◆ INFORMATION SHOWN
------------------------------------------------

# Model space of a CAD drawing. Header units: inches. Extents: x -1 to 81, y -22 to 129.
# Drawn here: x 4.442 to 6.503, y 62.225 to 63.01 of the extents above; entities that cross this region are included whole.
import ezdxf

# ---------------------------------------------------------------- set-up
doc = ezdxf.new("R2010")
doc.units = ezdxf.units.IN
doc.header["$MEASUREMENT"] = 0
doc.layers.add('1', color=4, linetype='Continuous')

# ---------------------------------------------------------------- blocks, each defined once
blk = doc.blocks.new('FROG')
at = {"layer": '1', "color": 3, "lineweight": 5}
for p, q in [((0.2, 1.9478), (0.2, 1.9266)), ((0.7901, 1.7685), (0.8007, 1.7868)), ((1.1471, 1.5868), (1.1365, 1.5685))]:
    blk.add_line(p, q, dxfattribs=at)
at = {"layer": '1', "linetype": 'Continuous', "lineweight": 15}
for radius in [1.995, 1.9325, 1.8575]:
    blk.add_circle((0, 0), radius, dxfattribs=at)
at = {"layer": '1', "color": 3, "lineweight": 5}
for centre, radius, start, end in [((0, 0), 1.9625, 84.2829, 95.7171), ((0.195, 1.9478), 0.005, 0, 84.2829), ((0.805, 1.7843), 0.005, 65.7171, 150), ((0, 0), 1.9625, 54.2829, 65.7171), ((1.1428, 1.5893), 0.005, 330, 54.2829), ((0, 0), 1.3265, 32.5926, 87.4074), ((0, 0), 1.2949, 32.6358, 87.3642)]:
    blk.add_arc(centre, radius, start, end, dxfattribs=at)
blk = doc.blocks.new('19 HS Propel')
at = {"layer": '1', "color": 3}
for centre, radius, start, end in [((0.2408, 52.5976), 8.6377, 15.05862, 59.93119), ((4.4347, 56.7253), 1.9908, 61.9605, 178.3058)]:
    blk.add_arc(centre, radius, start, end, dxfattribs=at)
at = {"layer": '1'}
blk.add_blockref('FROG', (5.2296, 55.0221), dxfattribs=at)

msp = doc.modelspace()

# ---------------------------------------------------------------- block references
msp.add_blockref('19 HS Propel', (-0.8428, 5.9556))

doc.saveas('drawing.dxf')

------------------------------------------------

◆ PROBLEM TO WORK ON
Reproduce the complete data exactly as presented above.

◆ RESPONSE TO THE EXERCISE
# Model space of a CAD drawing. Header units: inches. Extents: x -1 to 81, y -22 to 129.
# Drawn here: x 4.442 to 6.503, y 62.225 to 63.01 of the extents above; entities that cross this region are included whole.
import ezdxf

# ---------------------------------------------------------------- set-up
doc = ezdxf.new("R2010")
doc.units = ezdxf.units.IN
doc.header["$MEASUREMENT"] = 0
doc.layers.add('1', color=4, linetype='Continuous')

# ---------------------------------------------------------------- blocks, each defined once
blk = doc.blocks.new('FROG')
at = {"layer": '1', "color": 3, "lineweight": 5}
for p, q in [((0.2, 1.9478), (0.2, 1.9266)), ((0.7901, 1.7685), (0.8007, 1.7868)), ((1.1471, 1.5868), (1.1365, 1.5685))]:
    blk.add_line(p, q, dxfattribs=at)
at = {"layer": '1', "linetype": 'Continuous', "lineweight": 15}
for radius in [1.995, 1.9325, 1.8575]:
    blk.add_circle((0, 0), radius, dxfattribs=at)
at = {"layer": '1', "color": 3, "lineweight": 5}
for centre, radius, start, end in [((0, 0), 1.9625, 84.2829, 95.7171), ((0.195, 1.9478), 0.005, 0, 84.2829), ((0.805, 1.7843), 0.005, 65.7171, 150), ((0, 0), 1.9625, 54.2829, 65.7171), ((1.1428, 1.5893), 0.005, 330, 54.2829), ((0, 0), 1.3265, 32.5926, 87.4074), ((0, 0), 1.2949, 32.6358, 87.3642)]:
    blk.add_arc(centre, radius, start, end, dxfattribs=at)
blk = doc.blocks.new('19 HS Propel')
at = {"layer": '1', "color": 3}
for centre, radius, start, end in [((0.2408, 52.5976), 8.6377, 15.05862, 59.93119), ((4.4347, 56.7253), 1.9908, 61.9605, 178.3058)]:
    blk.add_arc(centre, radius, start, end, dxfattribs=at)
at = {"layer": '1'}
blk.add_blockref('FROG', (5.2296, 55.0221), dxfattribs=at)

msp = doc.modelspace()

# ---------------------------------------------------------------- block references
msp.add_blockref('19 HS Propel', (-0.8428, 5.9556))

doc.saveas('drawing.dxf')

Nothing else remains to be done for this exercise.